To understand the area’s modern struggles, it helps to go back to the beginning. The Celts were the first inhabitants of the area. They migrated from the European land mass in 300 BC. These people called the island Eire and spoke a language called Gaeilge, which we refer to as Gaelic.

They practiced the Pagan religion, but Christian influences entered the country from Anglo-Saxon missionaries. St. Patrick is perhaps the most well-known missionary, considered to have converted the pagan Celts to Catholics.

Vikings took over in the eighth century, creating settlements that became some of today’s major cities. But the Normans invaded in 1169, creating the Lordship of Ireland. This land was controlled by the King of England, who was considered the Lord of Ireland under that feudal system.

The areas that fell under English rule changed over time. Much of the island stayed under the control of Gaelic kingdoms or tribes. They were often at war with the Anglo-Normans who were trying to expand the control of the King of England. There were many civil wars between lordships in Ireland as well.

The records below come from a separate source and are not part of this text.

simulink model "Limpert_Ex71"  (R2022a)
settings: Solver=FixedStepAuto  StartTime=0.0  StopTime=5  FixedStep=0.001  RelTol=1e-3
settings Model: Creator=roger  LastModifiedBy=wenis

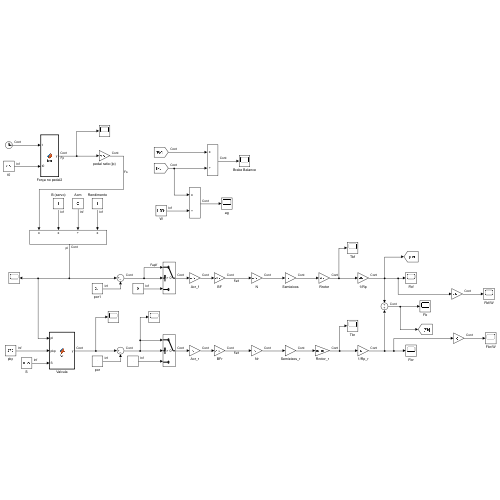
[thumbnail: Simulink's stored preview of the top-level diagram]
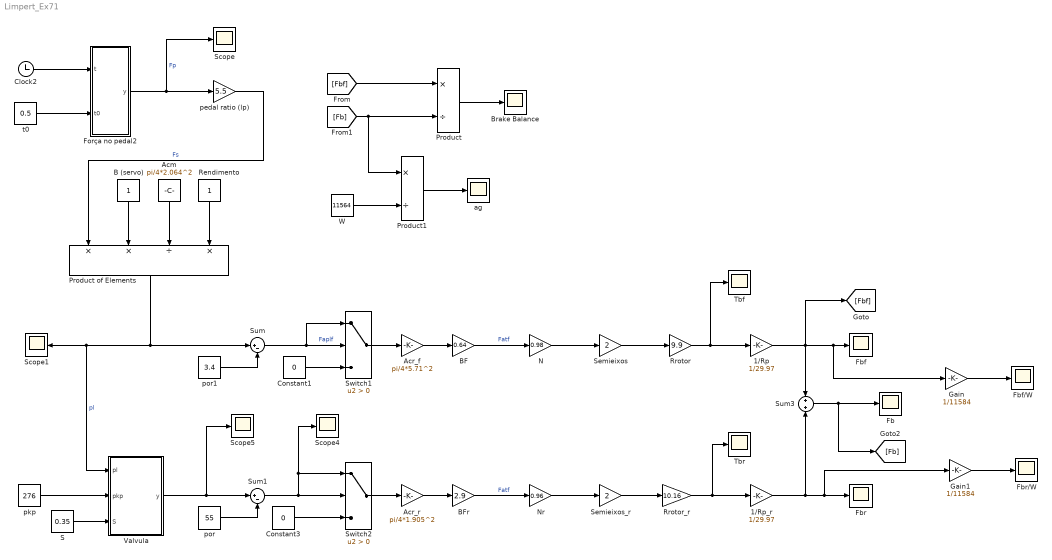
== system Limpert_Ex71 ==
  1/Rp : Gain  Gain=1/29.97
  1/Rp_r : Gain  Gain=1/29.97
  Acm : Constant  Value=pi/4*2.064^2
  Acr_f : Gain  Gain=pi/4*5.71^2
  Acr_r : Gain  Gain=pi/4*1.905^2
  B (servo) : Constant
  BF : Gain  Gain=0.64
  BFr : Gain  Gain=2.9
  Brake Balance : Scope
  Clock2 : Clock
  Constant1 : Constant  Value=0
  Constant3 : Constant  Value=0
  Fb : Scope
  Fbf : Scope
  Fbf/W : Scope
  Fbr : Scope
  Fbr/W : Scope
  Força no pedal2 : MATLAB Function  TreatAsAtomicUnit=on
  Gain : Gain  Gain=1/11584
  Gain1 : Gain  Gain=1/11584
  N : Gain  Gain=0.98
  Nr : Gain  Gain=0.96
  Product : Product  Inputs=*/
  Product of Elements : Product  Inputs=**/*
  Product1 : Product  Inputs=*/
  Rendimento : Constant
  Rrotor : Gain  Gain=9.9
  Rrotor_r : Gain  Gain=10.16
  S : Constant  Value=0.35
  Scope{,1,4..5} (4 alike) : Scope
  Semieixos : Gain  Gain=2
  Semieixos_r : Gain  Gain=2
  Sum : Sum  Inputs=|+-
  Sum1 : Sum  Inputs=|+-
  Sum3 : Sum
  Switch1 : Switch  Criteria=u2 > Threshold  SaturateOnIntegerOverflow=off  InputSameDT=off
  Switch2 : Switch  Criteria=u2 > Threshold  SaturateOnIntegerOverflow=off  InputSameDT=off
  Tbf : Scope
  Tbr : Scope
  Valvula : MATLAB Function  TreatAsAtomicUnit=on
  W : Constant  Value=11564
  ag : Scope
  pedal ratio (lp) : Gain  Gain=5.5
  pkp : Constant  Value=276
  por : Constant  Value=55
  por1 : Constant  Value=3.4
  t0 : Constant  Value=0.5
  wires:
  pedal ratio (lp)/1 -> Product of Elements/1  "Fs"
  B (servo)/1 -> Product of Elements/2
  Acm/1 -> Product of Elements/3
  Rendimento/1 -> Product of Elements/4
  pkp/1 -> Valvula/2(pkp)
  Sum/1 -> Switch1/1, Switch1/2  "Faplf"
  Acr_f/1 -> BF/1
  BF/1 -> N/1  "Fatf"
  N/1 -> Semieixos/1
  Semieixos/1 -> Rrotor/1
  Rrotor/1 -> Tbf/1, 1/Rp/1
  1/Rp/1 -> [Fbf], Sum3/1, Gain/1, Fbf/1
  1/Rp_r/1 -> Sum3/2, Gain1/1, Fbr/1
  Rrotor_r/1 -> 1/Rp_r/1, Tbr/1
  Semieixos_r/1 -> Rrotor_r/1
  Nr/1 -> Semieixos_r/1
  BFr/1 -> Nr/1  "Fatf"
  Acr_r/1 -> BFr/1
  Sum1/1 -> Switch2/2, Switch2/1, Scope4/1
  Sum3/1 -> [Fb], Fb/1
  S/1 -> Valvula/3(S)
  Valvula/1(y) -> Sum1/1, Scope5/1
  Constant3/1 -> Switch2/3
  por/1 -> Sum1/2
  Switch2/1 -> Acr_r/1
  por1/1 -> Sum/2
  Switch1/1 -> Acr_f/1
  Constant1/1 -> Switch1/3
  Product of Elements/1 -> Scope1/1, Valvula/1(pl), Sum/1  "pl"
  Clock2/1 -> Força no pedal2/1(t)
  t0/1 -> Força no pedal2/2(t0)
  Força no pedal2/1(y) -> Scope/1, pedal ratio (lp)/1  "Fp"
  [Fbf] -> Product/1
  [Fb] -> Product1/1, Product/2
  Product/1 -> Brake Balance/1
  W/1 -> Product1/2
  Product1/1 -> ag/1
  Gain/1 -> Fbf/W/1
  Gain1/1 -> Fbr/W/1

== matlab function Limpert_Ex71/Valvula ==
  data: pl input; y output; pkp input; S input
function y = fcn(pl, pkp, S)



if pl <= pkp
    y = pl;
else
    y = pkp + S*(pl-pkp);
end

end

== matlab function Limpert_Ex71/Força no pedal2 ==
  data: t input; y output; t0 input
function y = fcn(t, t0)


if t<=t0
    y=0;
else
    y = 200*(t-t0);
end

Lordship eventually gave way to colonialism, and the English drove the Irish to less fertile farmlands. They worried that the original Normans had become too entangled with the Gaelic culture. They passed laws that discriminated against the Irish and segregated them from people of English descent.

Tensions arose again when Protestant settlers from England re-colonized the area. At this time Ireland was no longer a lordship. It became a Kingdom of England. Native Gaelic Irishmen were admitted into Parliament. Their established titles were recognized in exchange for their compliance with English rule. After 1603, the lordships across Ireland were broken up, and the entire island was controlled by the English government

But neither the Gaelic Irish people nor the Old English residents of the area were ready to adopt the Protestant religion. Much of the reason for this is that the colonists violently and unfairly seized the land from the original lords and forced the remaining people to take on their religious and political beliefs.

They formed a plantation system, which led to the development of many modern cities in the area. But the plantation system also gave rise to the undercurrent of uprisings and resentments that continues to plague Ireland and Northern Ireland.

The Partition of Ireland

The plantation of Ulster became solidified as a Protestant English colony under the reign of King James I. There are nine counties in Ulster, which is located on the northern part of the island.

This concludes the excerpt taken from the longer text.